### [Work order]
Reproduce only what runs from the line containing "CtrCmdSelect/1(DEMd_enum_CtrCmd) -> DEMd_enum_CtrCmd/1" to the line containing "Bus Selector : BusSelector" in the records below, inclusive. Keep it exact, and keep the pictures out.

### [The data]
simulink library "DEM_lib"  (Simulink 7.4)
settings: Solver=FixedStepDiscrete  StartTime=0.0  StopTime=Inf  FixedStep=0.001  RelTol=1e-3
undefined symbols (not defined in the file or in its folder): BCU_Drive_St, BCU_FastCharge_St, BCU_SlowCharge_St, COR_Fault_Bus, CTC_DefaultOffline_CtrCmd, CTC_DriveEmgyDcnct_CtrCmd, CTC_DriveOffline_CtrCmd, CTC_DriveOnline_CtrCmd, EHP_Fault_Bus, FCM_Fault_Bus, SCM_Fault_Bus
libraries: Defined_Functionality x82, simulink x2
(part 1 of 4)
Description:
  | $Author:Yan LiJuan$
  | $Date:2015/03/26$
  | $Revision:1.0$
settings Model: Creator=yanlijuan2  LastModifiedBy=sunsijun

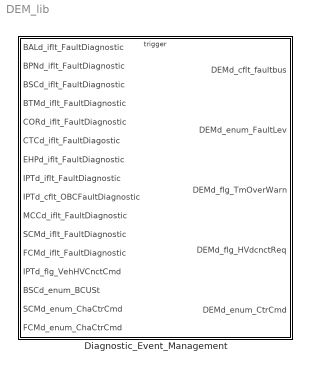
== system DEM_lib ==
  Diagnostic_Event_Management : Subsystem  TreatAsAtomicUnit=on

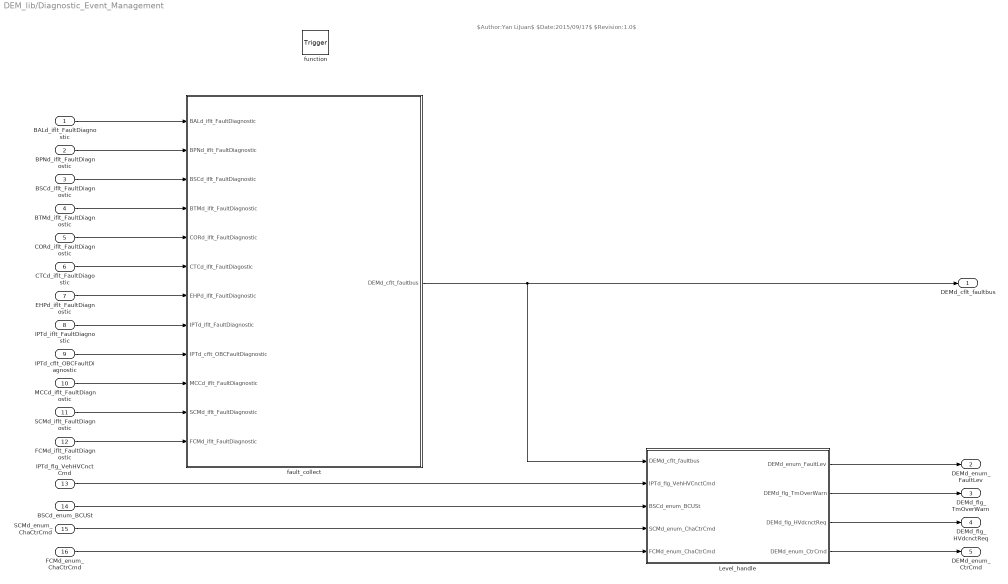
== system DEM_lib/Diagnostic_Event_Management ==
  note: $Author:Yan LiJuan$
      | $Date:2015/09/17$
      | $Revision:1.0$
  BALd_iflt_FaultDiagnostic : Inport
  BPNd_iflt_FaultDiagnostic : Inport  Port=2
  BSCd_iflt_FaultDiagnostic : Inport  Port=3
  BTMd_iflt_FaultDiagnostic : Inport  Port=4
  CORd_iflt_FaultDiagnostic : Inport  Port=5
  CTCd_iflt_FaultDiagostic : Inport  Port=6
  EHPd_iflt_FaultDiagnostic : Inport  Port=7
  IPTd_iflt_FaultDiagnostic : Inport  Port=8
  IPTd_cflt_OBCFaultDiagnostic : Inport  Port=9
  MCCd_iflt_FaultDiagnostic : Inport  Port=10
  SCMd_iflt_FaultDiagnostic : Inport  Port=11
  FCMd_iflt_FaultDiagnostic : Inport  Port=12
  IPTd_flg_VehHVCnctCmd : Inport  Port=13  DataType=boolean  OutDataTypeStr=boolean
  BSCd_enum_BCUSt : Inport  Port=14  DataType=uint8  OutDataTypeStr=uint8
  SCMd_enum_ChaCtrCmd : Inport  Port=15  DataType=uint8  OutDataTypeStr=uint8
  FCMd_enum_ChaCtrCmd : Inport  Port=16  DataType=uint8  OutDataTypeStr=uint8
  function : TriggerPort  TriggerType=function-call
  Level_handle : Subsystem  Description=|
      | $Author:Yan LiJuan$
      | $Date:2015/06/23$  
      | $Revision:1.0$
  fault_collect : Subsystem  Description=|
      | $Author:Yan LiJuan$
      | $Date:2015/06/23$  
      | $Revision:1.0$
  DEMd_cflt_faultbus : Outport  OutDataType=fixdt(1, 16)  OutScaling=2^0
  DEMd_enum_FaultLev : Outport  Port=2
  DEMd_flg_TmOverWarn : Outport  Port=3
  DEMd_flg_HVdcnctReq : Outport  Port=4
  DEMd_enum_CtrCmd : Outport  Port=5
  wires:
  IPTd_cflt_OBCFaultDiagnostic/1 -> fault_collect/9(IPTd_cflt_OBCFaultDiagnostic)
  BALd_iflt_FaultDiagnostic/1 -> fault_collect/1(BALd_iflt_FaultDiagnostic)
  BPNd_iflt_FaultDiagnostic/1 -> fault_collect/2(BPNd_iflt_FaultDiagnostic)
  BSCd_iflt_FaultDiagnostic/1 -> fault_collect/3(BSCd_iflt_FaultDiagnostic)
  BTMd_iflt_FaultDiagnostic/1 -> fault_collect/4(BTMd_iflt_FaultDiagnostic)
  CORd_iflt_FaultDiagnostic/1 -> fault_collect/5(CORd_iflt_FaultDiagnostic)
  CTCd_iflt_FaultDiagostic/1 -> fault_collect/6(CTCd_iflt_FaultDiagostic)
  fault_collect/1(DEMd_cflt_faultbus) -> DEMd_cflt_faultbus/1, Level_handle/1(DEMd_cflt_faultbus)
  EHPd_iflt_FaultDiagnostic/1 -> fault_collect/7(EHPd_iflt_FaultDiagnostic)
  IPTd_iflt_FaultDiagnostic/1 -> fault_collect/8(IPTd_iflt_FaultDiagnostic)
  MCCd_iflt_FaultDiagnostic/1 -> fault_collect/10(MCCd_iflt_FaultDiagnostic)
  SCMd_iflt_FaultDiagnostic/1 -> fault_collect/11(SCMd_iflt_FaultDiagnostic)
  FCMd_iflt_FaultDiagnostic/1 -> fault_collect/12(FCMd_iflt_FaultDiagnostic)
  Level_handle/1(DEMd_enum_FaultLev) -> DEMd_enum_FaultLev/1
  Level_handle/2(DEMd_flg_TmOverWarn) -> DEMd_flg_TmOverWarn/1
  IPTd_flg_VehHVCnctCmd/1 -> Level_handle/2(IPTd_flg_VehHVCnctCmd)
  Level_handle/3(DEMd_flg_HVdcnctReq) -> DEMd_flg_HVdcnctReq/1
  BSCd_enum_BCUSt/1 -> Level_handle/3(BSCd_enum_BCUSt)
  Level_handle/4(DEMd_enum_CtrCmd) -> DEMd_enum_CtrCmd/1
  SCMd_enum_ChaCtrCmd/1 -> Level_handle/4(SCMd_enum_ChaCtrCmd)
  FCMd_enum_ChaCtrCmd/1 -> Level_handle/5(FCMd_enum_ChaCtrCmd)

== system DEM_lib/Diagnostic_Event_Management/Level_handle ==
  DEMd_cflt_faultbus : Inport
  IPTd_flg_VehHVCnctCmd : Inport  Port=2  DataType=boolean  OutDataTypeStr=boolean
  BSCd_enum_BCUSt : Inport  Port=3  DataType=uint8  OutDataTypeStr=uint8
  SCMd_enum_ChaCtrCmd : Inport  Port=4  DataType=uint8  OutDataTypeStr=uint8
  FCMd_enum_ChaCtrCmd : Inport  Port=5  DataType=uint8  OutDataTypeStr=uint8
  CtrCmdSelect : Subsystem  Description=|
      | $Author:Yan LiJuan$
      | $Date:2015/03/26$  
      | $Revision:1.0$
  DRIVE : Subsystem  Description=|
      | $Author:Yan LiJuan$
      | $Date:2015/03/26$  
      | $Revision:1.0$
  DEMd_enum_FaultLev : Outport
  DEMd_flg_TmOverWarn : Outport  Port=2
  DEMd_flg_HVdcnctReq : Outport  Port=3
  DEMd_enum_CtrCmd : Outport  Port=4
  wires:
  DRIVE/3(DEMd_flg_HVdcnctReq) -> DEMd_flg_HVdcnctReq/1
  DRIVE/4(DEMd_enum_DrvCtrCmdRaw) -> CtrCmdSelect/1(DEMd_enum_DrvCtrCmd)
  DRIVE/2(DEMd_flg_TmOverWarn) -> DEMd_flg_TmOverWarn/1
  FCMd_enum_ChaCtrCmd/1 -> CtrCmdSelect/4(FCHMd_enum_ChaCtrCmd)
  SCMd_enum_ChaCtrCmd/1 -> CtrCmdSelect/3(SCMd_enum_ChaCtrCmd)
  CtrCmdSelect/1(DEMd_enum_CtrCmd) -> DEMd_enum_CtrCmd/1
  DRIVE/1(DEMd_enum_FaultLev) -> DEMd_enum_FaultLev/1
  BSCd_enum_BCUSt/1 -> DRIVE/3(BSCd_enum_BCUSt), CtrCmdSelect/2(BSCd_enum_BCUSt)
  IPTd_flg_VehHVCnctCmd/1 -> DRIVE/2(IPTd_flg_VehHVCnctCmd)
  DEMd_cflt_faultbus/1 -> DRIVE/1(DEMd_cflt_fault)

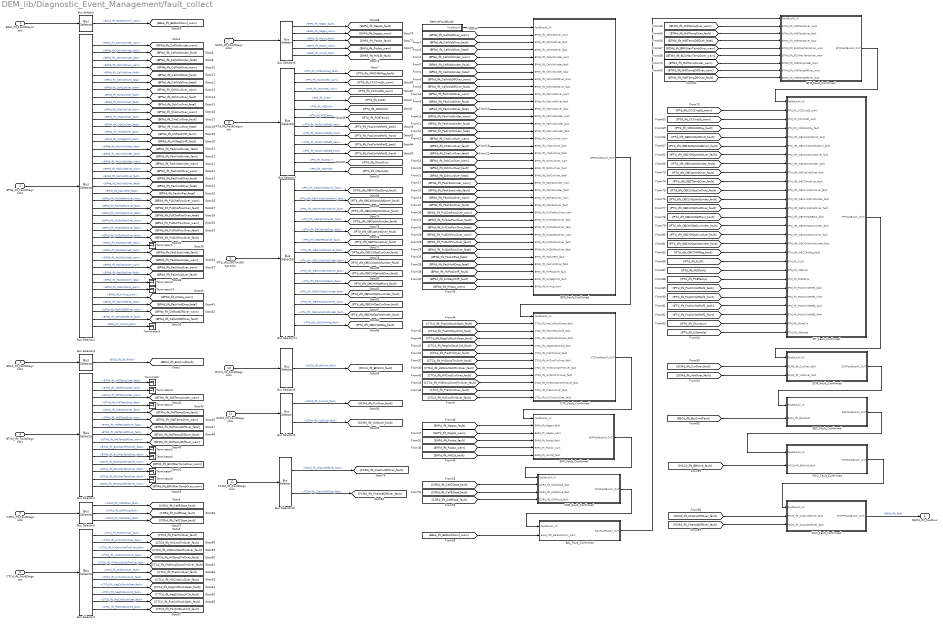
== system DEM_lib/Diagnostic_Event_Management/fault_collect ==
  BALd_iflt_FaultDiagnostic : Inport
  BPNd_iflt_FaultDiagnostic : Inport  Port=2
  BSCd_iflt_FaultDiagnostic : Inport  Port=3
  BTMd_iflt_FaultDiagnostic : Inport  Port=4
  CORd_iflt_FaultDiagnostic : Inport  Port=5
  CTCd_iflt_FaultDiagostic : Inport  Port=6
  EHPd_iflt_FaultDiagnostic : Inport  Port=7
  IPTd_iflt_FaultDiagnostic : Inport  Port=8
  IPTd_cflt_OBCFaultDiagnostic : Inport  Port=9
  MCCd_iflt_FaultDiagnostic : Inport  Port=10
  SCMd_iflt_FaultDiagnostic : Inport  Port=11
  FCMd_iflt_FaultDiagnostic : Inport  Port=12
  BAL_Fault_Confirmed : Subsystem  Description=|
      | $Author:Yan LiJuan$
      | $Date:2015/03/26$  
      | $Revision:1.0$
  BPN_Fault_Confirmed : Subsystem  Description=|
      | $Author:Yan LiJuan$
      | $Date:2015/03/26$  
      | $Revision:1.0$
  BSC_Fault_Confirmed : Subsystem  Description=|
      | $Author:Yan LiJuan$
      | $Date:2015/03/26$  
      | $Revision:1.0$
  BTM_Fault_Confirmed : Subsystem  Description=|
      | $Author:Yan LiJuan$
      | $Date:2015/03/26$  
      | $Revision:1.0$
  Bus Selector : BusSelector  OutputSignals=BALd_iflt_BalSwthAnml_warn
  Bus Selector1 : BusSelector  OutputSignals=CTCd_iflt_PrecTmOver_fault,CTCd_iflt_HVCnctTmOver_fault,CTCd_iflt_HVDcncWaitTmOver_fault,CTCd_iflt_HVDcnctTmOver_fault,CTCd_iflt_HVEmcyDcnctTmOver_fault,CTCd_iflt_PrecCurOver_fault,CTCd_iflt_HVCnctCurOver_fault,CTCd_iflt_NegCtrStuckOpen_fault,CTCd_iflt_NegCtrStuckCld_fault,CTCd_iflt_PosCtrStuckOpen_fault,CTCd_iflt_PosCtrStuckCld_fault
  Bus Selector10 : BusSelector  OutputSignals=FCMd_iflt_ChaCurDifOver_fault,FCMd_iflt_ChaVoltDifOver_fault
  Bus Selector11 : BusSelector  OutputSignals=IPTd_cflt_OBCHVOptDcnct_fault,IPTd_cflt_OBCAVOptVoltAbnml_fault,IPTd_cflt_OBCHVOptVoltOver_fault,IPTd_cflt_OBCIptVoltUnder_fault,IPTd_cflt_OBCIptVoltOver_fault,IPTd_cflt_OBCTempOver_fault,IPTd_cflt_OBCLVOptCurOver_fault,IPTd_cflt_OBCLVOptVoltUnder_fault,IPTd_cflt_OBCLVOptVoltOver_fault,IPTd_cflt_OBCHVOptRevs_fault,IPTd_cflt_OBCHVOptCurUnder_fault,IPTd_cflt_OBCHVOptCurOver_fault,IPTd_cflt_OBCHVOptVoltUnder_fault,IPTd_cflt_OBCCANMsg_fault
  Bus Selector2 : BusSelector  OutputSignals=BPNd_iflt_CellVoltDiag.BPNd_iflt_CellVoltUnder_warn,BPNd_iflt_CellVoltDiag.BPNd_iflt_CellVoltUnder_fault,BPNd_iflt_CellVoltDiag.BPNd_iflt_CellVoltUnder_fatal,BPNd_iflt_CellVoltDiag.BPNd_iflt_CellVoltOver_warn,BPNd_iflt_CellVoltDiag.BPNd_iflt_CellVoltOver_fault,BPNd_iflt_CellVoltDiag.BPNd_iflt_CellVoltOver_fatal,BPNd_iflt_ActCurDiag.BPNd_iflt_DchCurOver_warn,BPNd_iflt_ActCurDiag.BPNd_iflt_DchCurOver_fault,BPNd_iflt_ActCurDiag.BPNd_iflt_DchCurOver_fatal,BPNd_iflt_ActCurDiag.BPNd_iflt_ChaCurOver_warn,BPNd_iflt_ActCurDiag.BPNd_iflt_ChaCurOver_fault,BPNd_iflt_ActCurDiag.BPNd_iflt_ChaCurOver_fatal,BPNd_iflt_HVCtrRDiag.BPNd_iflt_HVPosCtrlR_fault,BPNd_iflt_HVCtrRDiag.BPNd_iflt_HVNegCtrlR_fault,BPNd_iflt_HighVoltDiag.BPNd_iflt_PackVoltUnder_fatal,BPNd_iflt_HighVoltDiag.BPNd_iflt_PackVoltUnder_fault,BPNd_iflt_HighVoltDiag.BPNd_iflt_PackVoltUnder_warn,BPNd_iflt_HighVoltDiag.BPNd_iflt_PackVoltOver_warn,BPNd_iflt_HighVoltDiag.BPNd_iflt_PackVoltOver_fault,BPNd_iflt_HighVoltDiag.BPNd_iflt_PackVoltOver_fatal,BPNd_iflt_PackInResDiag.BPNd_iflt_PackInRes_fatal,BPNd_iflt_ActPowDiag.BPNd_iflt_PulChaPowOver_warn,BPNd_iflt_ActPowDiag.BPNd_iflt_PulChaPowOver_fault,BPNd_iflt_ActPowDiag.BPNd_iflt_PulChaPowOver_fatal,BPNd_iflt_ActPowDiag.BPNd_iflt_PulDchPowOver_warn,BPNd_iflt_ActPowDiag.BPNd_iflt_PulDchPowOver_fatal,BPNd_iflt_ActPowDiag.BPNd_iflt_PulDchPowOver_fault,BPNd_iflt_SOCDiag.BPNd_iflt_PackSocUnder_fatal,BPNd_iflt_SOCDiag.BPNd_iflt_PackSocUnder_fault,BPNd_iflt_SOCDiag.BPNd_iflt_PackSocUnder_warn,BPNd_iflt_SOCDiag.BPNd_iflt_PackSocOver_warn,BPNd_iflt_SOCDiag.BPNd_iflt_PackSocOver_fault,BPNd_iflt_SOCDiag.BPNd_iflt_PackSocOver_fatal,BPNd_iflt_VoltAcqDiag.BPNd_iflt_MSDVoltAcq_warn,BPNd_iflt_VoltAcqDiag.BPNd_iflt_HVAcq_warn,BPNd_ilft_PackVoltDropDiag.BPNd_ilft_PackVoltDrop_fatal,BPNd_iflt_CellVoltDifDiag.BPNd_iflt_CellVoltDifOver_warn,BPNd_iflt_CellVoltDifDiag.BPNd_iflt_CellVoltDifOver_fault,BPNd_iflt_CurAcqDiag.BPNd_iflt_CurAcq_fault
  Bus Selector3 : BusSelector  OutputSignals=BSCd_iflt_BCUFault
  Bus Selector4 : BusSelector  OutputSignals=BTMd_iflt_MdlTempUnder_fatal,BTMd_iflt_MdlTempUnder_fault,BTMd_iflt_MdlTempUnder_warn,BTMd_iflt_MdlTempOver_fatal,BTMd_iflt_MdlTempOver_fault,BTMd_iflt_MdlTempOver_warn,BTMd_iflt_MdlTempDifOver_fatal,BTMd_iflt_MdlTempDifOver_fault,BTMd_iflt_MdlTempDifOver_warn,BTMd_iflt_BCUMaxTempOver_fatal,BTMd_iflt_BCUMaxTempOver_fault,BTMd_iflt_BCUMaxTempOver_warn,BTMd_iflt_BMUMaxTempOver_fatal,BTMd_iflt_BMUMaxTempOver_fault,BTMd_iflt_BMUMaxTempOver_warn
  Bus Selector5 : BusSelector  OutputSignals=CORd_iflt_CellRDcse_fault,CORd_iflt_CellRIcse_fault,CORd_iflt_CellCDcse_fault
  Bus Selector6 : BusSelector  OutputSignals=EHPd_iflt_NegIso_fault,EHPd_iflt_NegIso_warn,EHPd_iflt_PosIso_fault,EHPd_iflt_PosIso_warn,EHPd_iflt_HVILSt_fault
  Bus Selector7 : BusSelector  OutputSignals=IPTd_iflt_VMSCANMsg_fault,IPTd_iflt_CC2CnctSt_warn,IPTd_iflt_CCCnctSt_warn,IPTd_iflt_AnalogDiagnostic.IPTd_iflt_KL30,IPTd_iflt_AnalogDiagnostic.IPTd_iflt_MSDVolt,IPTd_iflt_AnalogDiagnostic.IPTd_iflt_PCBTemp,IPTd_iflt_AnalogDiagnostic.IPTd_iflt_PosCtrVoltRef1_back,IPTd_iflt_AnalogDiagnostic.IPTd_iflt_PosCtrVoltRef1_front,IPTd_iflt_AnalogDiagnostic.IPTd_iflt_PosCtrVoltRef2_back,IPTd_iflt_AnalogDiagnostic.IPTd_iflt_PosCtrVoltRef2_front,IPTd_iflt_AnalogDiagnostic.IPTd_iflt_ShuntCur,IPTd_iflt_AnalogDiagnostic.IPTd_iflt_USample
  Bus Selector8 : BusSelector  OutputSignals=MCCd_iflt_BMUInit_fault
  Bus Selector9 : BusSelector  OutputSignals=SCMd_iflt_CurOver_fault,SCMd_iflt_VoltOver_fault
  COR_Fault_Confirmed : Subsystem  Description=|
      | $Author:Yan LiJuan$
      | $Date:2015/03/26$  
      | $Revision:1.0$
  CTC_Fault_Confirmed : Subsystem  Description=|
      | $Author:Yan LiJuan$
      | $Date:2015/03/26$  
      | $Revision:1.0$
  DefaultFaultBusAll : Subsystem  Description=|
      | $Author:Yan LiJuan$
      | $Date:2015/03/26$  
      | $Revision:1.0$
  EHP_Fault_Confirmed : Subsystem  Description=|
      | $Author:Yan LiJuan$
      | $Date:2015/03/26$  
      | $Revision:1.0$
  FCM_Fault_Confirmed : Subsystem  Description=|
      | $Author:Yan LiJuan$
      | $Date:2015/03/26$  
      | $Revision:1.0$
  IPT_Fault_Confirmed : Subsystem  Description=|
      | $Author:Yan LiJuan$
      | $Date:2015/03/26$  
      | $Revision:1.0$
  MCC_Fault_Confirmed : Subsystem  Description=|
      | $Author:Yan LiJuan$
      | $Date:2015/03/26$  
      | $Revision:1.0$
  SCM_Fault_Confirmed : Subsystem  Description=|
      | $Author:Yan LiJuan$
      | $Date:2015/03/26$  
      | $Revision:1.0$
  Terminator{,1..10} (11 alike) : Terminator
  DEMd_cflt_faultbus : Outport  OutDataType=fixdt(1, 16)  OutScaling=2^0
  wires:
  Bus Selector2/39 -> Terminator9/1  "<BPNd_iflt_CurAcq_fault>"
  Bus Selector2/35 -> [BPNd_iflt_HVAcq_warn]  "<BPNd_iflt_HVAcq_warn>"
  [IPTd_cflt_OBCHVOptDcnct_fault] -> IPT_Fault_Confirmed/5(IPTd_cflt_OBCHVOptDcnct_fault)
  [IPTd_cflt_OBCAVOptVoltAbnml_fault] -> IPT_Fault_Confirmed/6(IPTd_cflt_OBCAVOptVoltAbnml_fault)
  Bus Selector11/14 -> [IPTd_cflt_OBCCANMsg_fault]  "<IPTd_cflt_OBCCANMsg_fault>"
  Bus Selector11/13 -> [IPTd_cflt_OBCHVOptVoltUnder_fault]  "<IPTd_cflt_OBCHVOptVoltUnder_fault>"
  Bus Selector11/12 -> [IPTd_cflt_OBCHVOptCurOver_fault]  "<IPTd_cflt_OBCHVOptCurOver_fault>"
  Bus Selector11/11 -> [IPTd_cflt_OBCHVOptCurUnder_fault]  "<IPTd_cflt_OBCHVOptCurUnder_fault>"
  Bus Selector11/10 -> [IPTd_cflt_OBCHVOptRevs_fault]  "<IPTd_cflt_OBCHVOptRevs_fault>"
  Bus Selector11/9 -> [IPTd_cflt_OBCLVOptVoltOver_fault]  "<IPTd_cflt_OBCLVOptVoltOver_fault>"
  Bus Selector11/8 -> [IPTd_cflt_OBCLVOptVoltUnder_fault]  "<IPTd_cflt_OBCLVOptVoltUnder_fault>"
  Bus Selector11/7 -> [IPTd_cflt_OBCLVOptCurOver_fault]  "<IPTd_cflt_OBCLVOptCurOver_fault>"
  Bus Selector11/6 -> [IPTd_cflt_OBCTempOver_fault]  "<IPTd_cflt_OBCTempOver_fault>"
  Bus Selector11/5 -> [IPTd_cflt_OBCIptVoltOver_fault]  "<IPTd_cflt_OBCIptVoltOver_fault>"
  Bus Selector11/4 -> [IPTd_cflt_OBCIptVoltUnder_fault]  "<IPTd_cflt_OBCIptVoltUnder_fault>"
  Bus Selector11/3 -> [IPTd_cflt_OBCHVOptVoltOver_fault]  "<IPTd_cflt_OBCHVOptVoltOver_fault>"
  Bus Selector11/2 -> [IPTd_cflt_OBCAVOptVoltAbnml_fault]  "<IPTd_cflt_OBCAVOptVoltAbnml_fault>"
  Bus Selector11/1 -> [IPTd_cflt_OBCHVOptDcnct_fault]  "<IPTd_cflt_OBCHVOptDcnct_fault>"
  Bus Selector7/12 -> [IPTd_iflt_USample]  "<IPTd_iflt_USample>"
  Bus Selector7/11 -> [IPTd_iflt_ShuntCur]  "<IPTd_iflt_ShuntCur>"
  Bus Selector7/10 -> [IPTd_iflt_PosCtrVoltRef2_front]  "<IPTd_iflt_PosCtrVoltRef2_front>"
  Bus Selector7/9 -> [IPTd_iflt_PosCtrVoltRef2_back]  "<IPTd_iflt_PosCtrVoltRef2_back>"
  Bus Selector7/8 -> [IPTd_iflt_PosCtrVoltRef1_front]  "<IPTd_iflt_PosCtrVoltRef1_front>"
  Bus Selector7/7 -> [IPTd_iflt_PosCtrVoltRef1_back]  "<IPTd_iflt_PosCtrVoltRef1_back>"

### [Written response]
  CtrCmdSelect/1(DEMd_enum_CtrCmd) -> DEMd_enum_CtrCmd/1
  DRIVE/1(DEMd_enum_FaultLev) -> DEMd_enum_FaultLev/1
  BSCd_enum_BCUSt/1 -> DRIVE/3(BSCd_enum_BCUSt), CtrCmdSelect/2(BSCd_enum_BCUSt)
  IPTd_flg_VehHVCnctCmd/1 -> DRIVE/2(IPTd_flg_VehHVCnctCmd)
  DEMd_cflt_faultbus/1 -> DRIVE/1(DEMd_cflt_fault)

== system DEM_lib/Diagnostic_Event_Management/fault_collect ==
  BALd_iflt_FaultDiagnostic : Inport
  BPNd_iflt_FaultDiagnostic : Inport  Port=2
  BSCd_iflt_FaultDiagnostic : Inport  Port=3
  BTMd_iflt_FaultDiagnostic : Inport  Port=4
  CORd_iflt_FaultDiagnostic : Inport  Port=5
  CTCd_iflt_FaultDiagostic : Inport  Port=6
  EHPd_iflt_FaultDiagnostic : Inport  Port=7
  IPTd_iflt_FaultDiagnostic : Inport  Port=8
  IPTd_cflt_OBCFaultDiagnostic : Inport  Port=9
  MCCd_iflt_FaultDiagnostic : Inport  Port=10
  SCMd_iflt_FaultDiagnostic : Inport  Port=11
  FCMd_iflt_FaultDiagnostic : Inport  Port=12
  BAL_Fault_Confirmed : Subsystem  Description=|
      | $Author:Yan LiJuan$
      | $Date:2015/03/26$  
      | $Revision:1.0$
  BPN_Fault_Confirmed : Subsystem  Description=|
      | $Author:Yan LiJuan$
      | $Date:2015/03/26$  
      | $Revision:1.0$
  BSC_Fault_Confirmed : Subsystem  Description=|
      | $Author:Yan LiJuan$
      | $Date:2015/03/26$  
      | $Revision:1.0$
  BTM_Fault_Confirmed : Subsystem  Description=|
      | $Author:Yan LiJuan$
      | $Date:2015/03/26$  
      | $Revision:1.0$
  Bus Selector : BusSelector  OutputSignals=BALd_iflt_BalSwthAnml_warn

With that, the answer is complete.